ENTRIES SHOWN Start Marker
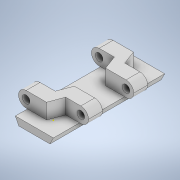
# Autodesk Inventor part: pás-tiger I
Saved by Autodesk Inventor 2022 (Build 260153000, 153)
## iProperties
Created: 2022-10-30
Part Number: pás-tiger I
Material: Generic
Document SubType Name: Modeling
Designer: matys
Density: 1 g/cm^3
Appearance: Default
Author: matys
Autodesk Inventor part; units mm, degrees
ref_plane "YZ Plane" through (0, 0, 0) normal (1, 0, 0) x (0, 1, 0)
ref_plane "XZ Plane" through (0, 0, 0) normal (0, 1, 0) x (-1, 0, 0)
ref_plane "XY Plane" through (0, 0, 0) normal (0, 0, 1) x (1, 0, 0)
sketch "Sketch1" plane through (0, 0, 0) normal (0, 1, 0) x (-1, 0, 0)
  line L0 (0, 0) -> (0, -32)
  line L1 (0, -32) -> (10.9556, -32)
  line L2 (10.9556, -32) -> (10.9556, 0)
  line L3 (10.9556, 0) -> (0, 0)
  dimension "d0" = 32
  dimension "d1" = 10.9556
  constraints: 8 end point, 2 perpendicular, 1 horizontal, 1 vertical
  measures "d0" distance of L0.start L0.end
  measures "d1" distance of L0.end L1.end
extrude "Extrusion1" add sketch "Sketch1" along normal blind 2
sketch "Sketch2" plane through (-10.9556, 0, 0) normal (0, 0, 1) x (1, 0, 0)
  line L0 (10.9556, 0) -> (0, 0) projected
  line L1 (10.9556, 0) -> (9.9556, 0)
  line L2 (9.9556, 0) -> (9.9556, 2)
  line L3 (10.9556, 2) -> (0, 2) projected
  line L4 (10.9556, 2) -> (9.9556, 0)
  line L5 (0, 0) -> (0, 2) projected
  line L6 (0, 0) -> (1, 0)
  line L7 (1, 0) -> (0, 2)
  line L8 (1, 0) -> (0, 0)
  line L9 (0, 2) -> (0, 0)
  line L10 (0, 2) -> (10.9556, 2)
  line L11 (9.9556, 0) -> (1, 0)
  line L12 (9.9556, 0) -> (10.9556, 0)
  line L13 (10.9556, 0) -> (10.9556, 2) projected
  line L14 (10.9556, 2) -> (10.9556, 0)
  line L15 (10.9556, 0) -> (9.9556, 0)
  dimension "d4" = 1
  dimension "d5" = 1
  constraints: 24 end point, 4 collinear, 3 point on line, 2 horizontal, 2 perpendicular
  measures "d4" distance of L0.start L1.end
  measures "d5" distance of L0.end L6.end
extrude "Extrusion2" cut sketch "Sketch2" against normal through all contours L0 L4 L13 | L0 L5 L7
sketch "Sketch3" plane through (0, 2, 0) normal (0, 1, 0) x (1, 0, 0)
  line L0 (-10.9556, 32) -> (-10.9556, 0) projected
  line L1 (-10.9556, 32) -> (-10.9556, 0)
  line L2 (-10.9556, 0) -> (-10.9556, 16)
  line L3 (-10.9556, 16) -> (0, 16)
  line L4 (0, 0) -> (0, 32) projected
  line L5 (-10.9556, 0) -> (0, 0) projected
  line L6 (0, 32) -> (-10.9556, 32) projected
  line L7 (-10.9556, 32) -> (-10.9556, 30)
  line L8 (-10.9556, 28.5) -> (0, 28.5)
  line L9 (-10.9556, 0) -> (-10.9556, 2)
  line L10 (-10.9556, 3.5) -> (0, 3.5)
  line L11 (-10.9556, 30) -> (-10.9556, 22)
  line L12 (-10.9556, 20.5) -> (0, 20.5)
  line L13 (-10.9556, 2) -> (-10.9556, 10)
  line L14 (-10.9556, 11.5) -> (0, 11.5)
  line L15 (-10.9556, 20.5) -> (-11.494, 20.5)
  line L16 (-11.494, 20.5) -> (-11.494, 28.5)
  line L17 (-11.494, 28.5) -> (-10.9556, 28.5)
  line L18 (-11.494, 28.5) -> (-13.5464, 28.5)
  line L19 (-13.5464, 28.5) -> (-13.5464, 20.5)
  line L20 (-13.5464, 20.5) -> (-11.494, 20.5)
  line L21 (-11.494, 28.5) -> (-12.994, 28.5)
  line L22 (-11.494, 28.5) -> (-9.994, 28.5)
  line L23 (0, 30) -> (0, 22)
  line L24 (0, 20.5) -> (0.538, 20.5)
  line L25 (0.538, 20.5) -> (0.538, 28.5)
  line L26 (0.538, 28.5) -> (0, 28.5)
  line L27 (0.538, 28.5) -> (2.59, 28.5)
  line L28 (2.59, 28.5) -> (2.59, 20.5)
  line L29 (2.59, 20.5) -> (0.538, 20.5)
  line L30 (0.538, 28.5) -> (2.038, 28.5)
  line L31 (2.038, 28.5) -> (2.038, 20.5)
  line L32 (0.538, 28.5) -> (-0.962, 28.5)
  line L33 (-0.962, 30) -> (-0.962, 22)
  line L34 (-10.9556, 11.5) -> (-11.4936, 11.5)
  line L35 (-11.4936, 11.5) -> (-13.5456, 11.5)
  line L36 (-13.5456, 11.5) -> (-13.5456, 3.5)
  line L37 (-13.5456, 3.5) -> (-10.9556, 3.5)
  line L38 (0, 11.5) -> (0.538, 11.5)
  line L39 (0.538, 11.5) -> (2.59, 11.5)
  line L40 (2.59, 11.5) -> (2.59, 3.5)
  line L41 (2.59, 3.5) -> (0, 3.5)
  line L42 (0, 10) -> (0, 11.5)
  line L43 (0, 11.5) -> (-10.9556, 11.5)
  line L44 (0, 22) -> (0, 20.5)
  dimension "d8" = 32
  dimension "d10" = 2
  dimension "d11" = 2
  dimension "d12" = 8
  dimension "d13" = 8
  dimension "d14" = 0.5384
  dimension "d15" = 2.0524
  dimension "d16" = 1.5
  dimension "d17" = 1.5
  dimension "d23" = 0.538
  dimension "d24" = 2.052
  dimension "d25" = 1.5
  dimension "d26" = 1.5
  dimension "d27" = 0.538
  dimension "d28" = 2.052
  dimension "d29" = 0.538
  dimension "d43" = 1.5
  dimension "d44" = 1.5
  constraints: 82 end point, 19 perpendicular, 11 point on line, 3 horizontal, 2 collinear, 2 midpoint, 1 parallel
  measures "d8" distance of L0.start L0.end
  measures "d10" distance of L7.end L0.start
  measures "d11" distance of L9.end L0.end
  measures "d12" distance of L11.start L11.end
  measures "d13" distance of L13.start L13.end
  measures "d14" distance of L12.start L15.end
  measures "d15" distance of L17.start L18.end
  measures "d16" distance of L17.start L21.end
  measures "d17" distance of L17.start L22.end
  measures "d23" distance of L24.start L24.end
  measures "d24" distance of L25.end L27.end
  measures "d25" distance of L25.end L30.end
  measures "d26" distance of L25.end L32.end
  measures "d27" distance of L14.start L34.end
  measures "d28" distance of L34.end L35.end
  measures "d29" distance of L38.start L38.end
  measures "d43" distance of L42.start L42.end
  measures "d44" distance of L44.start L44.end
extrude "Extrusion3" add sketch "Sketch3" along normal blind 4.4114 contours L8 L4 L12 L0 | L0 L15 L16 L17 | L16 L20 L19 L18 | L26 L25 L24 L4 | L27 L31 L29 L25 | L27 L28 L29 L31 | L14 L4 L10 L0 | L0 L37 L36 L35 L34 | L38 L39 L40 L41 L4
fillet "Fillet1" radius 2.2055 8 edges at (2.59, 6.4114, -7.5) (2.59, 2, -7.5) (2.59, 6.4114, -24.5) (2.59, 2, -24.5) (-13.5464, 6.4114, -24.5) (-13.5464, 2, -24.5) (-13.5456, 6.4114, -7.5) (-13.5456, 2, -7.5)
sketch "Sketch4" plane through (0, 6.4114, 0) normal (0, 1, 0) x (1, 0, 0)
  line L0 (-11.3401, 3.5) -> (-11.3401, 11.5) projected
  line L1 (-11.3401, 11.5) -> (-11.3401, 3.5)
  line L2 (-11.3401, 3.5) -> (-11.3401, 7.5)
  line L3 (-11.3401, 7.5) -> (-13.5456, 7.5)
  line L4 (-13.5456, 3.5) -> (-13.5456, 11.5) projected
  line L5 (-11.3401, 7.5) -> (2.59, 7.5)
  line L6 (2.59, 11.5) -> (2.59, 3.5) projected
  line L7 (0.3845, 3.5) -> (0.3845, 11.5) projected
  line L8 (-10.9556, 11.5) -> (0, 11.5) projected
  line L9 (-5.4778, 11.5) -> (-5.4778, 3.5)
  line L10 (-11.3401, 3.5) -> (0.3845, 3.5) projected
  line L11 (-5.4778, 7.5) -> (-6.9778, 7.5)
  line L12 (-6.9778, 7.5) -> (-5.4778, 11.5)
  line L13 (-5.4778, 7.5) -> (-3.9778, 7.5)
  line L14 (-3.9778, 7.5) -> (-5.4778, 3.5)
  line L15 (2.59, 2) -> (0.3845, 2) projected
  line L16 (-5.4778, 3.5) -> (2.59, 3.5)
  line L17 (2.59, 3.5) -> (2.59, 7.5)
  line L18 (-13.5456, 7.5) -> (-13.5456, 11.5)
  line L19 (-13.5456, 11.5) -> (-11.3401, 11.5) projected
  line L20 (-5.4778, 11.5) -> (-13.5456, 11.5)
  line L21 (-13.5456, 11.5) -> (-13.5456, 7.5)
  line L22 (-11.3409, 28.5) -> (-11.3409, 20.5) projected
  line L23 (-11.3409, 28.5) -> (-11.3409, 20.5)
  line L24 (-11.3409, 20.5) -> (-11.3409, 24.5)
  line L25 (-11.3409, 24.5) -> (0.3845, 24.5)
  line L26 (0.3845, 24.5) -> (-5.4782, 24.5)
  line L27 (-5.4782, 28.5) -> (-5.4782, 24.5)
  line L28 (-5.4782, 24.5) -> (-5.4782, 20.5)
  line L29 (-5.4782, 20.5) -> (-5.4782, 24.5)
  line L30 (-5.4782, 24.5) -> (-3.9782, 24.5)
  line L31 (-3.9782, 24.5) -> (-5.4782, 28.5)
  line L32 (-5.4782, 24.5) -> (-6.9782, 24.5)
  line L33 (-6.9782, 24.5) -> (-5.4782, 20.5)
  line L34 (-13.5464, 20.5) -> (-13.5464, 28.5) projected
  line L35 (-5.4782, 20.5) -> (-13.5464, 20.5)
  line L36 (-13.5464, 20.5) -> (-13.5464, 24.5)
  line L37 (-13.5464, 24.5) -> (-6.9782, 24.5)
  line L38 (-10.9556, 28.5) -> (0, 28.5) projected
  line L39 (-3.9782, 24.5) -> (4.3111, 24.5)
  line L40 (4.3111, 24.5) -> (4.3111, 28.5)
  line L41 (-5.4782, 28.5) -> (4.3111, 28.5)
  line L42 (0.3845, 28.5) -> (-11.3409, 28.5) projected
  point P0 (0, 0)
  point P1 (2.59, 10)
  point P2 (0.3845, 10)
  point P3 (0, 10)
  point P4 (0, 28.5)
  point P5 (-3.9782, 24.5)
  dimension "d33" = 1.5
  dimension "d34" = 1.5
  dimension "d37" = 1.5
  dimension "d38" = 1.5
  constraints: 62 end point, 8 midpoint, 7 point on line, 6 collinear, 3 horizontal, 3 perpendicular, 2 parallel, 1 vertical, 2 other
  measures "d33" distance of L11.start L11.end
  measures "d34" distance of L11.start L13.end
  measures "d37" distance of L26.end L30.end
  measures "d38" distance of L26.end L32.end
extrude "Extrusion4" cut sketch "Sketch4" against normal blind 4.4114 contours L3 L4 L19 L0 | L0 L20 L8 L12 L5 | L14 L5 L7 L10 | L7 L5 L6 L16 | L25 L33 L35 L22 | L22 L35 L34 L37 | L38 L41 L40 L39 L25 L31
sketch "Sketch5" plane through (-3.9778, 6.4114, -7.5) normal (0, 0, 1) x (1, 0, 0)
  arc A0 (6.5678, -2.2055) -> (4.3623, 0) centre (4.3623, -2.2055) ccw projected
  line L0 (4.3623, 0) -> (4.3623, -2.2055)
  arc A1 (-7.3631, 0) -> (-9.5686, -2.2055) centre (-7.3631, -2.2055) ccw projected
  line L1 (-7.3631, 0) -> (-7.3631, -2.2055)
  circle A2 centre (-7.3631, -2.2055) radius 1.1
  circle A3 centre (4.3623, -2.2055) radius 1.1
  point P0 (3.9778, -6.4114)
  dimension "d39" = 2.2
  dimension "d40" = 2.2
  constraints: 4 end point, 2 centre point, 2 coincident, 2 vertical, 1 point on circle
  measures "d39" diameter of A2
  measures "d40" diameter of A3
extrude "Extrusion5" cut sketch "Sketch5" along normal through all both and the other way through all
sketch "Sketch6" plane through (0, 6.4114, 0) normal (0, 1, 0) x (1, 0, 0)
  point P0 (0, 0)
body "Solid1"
ENTRIES SHOWN End Marker
» **EXERCISE AIM**
Print the data exactly, from its first line to the line containing "Author: matys", both included. Omit the pictures.

» **TASK OUTPUT**
# Autodesk Inventor part: pás-tiger I
Saved by Autodesk Inventor 2022 (Build 260153000, 153)
## iProperties
Created: 2022-10-30
Part Number: pás-tiger I
Material: Generic
Document SubType Name: Modeling
Designer: matys
Density: 1 g/cm^3
Appearance: Default
Author: matys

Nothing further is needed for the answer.